Collected data entries
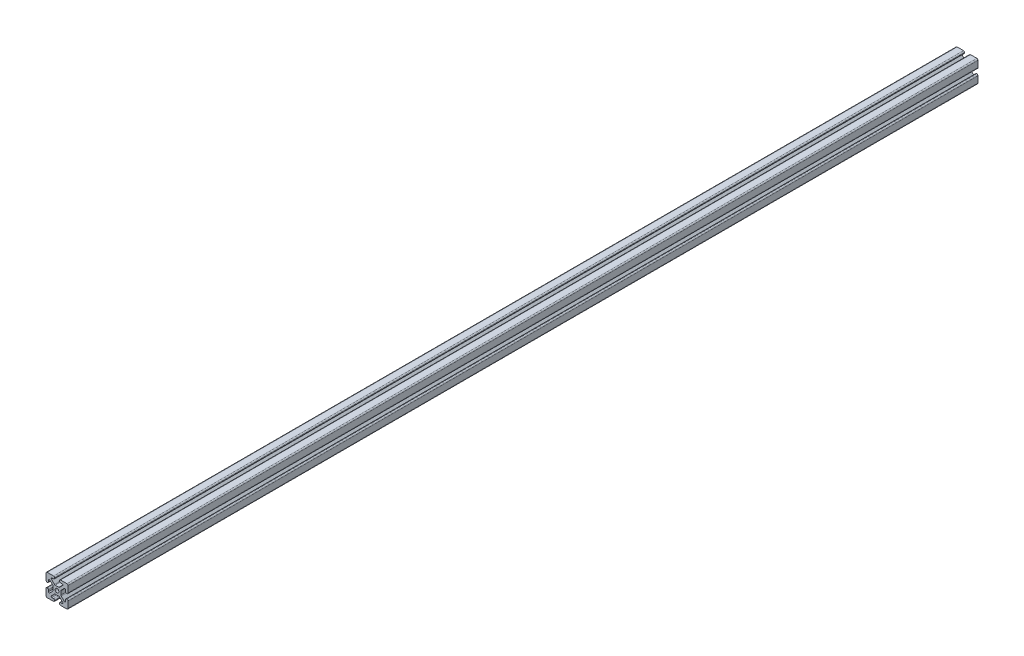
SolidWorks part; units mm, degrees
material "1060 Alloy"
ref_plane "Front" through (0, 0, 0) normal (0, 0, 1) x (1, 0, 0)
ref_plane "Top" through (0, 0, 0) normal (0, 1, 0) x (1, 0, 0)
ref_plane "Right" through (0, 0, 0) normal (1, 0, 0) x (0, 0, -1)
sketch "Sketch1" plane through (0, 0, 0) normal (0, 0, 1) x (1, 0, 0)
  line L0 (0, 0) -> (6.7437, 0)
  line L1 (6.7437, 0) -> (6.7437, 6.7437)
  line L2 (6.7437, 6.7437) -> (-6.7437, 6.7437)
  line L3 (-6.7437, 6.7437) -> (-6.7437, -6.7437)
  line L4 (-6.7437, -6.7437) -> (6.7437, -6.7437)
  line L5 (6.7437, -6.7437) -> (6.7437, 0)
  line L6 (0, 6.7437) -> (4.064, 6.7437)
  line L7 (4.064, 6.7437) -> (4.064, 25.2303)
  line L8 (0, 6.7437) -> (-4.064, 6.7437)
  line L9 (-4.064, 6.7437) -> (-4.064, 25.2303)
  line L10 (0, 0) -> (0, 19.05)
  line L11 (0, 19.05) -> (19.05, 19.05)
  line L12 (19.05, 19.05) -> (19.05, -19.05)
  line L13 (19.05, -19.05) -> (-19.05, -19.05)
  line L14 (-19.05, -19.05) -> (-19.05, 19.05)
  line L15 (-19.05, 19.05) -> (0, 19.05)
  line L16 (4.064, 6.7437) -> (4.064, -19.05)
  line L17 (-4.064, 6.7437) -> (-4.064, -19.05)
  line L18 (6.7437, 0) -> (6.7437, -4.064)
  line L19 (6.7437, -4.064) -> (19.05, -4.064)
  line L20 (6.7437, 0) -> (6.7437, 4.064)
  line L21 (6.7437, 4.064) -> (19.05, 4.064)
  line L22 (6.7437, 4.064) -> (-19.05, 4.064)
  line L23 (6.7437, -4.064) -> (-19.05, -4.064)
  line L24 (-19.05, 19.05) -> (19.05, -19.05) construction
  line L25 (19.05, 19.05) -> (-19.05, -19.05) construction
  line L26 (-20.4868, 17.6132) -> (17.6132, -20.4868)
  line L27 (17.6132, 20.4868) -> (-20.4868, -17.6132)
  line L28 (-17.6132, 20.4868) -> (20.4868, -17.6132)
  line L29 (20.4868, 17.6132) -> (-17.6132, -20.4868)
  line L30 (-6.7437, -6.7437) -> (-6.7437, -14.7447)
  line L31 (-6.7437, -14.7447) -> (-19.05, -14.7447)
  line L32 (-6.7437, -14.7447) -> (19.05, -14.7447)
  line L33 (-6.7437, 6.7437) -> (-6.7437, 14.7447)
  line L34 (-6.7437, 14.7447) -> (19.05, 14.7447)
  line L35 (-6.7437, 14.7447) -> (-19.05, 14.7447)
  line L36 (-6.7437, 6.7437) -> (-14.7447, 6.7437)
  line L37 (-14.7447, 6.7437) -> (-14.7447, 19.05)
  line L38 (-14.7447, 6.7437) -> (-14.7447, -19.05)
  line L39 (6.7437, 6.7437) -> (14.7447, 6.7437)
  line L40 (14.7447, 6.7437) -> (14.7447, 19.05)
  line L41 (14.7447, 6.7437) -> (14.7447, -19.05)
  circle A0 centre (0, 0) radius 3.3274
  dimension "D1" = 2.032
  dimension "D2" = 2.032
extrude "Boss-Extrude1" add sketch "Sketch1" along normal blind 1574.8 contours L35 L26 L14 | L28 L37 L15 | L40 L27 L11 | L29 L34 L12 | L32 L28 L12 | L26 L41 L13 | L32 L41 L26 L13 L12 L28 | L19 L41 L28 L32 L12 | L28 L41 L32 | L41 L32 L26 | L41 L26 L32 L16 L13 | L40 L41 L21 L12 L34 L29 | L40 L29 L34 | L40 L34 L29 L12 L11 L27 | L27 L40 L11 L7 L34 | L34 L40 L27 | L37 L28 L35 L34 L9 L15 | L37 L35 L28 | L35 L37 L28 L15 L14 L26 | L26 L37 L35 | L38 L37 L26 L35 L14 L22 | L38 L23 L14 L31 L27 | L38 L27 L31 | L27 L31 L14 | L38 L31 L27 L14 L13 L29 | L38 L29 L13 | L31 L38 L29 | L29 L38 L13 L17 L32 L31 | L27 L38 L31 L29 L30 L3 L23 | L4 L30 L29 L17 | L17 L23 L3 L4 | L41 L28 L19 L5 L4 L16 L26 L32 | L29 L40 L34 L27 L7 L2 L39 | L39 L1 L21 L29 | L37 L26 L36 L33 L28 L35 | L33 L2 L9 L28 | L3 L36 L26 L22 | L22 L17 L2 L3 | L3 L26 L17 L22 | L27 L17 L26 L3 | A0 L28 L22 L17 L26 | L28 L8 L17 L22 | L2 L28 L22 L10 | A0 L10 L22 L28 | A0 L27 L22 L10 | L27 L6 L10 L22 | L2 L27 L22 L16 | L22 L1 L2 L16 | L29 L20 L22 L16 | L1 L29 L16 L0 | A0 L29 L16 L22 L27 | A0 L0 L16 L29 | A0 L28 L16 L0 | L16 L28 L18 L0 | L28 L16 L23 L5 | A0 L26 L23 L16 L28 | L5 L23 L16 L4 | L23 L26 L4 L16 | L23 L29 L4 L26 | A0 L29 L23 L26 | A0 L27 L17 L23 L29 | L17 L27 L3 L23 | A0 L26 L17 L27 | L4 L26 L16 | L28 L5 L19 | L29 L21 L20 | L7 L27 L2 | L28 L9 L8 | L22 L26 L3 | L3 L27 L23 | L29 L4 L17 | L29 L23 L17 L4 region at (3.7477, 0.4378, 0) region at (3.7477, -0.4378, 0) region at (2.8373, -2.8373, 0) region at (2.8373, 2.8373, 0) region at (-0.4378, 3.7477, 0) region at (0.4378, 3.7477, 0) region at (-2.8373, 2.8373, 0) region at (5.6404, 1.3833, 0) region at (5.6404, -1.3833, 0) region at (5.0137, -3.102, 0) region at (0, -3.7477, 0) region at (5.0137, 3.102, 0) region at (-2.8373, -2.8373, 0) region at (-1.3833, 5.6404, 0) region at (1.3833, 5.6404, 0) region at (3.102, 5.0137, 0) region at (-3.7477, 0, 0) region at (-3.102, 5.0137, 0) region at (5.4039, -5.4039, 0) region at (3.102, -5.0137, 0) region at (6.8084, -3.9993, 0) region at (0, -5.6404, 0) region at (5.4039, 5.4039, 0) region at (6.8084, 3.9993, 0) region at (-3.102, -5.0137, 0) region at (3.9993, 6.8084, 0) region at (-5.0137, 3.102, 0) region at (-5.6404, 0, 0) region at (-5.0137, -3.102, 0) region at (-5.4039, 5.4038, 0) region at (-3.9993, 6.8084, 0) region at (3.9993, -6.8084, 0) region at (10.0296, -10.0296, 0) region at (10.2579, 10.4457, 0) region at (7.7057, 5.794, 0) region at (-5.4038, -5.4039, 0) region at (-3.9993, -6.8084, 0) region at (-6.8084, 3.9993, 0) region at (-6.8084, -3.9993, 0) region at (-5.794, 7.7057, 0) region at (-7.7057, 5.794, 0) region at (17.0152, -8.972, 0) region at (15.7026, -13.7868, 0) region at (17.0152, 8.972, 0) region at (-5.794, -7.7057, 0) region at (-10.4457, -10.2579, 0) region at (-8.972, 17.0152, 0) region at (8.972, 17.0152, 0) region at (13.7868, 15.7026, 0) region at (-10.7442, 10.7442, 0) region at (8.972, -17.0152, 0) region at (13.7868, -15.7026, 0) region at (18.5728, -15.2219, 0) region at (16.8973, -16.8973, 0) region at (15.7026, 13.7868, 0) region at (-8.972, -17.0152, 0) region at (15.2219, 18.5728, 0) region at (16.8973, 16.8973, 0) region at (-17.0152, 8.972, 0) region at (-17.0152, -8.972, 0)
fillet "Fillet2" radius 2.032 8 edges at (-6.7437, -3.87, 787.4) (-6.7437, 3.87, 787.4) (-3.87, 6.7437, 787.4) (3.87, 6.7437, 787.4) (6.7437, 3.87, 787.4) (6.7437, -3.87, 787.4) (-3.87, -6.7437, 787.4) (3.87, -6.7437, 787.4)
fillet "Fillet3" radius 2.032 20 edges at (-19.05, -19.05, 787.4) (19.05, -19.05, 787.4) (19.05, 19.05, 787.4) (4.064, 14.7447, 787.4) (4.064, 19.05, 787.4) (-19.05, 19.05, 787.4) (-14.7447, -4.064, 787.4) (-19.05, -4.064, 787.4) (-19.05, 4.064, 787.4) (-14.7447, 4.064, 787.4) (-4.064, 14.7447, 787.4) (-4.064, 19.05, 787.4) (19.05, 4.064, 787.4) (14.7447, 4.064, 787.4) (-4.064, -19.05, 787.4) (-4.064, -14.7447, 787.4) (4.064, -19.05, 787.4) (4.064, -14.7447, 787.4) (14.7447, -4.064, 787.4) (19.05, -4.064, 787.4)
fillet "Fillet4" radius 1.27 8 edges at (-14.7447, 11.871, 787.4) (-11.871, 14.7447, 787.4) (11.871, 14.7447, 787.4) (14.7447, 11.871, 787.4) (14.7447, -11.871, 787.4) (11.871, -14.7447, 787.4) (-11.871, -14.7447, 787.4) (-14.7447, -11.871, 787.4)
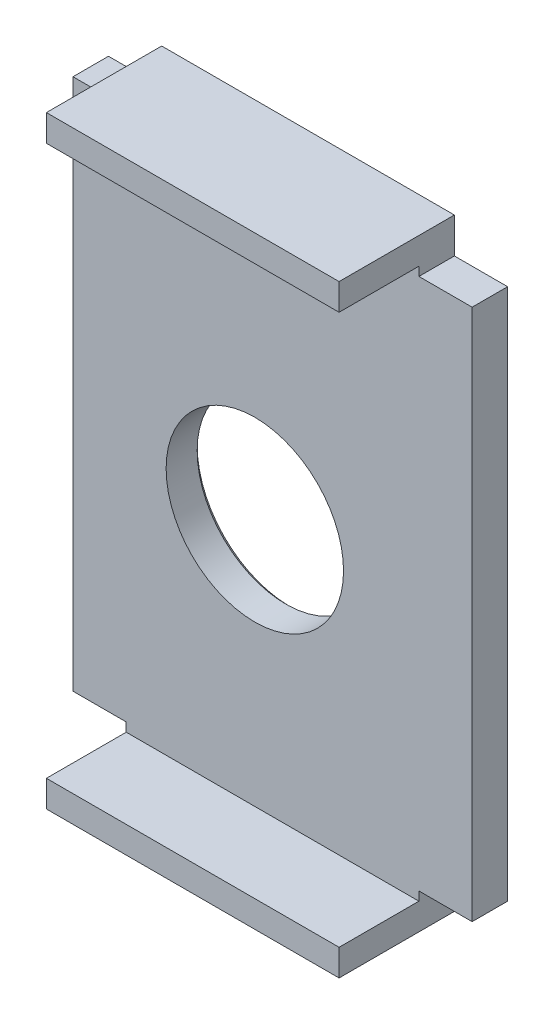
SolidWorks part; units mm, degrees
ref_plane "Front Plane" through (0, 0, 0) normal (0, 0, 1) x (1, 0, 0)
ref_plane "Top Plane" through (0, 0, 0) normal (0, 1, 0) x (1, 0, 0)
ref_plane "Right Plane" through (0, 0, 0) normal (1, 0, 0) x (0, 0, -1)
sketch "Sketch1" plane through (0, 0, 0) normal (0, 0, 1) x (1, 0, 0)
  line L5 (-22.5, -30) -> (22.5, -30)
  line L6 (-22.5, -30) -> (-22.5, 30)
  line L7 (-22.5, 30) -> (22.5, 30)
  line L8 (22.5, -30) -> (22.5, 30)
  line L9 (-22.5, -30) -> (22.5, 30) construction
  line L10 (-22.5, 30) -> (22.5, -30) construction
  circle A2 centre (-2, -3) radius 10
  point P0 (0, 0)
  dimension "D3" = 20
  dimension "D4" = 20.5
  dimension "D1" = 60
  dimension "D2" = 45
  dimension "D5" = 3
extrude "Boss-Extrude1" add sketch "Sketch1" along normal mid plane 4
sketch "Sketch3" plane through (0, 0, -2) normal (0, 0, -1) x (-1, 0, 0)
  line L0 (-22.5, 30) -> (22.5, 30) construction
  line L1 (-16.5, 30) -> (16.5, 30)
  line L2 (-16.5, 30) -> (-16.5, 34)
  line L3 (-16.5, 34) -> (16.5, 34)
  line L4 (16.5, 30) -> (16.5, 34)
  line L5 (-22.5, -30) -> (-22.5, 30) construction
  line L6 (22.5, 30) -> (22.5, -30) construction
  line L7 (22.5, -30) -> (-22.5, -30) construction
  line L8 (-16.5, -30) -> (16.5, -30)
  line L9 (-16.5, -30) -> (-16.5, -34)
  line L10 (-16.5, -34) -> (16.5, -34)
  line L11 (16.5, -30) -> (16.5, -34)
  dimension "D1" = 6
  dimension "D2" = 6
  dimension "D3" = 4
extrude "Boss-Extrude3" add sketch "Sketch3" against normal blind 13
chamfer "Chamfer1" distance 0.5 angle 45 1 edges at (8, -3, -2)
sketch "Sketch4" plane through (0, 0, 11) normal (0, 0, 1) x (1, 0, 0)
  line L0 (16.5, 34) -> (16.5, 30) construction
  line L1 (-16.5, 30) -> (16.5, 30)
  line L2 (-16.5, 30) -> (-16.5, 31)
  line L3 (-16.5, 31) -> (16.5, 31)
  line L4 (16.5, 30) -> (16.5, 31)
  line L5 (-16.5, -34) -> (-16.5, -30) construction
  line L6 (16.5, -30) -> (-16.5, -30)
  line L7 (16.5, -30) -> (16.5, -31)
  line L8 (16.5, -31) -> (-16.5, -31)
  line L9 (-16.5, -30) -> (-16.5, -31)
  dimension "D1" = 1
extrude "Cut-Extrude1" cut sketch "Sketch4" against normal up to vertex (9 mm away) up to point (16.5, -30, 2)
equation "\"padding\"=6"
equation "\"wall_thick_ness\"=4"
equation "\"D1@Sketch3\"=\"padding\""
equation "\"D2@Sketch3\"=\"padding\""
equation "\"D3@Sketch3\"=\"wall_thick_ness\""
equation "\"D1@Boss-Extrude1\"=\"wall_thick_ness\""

● **WHAT YOU SHOULD DO**
Scan the records for the word "padding" and copy every line where it is found.

● **TASK ANSWER**
equation "\"padding\"=6"
equation "\"D1@Sketch3\"=\"padding\""
equation "\"D2@Sketch3\"=\"padding\""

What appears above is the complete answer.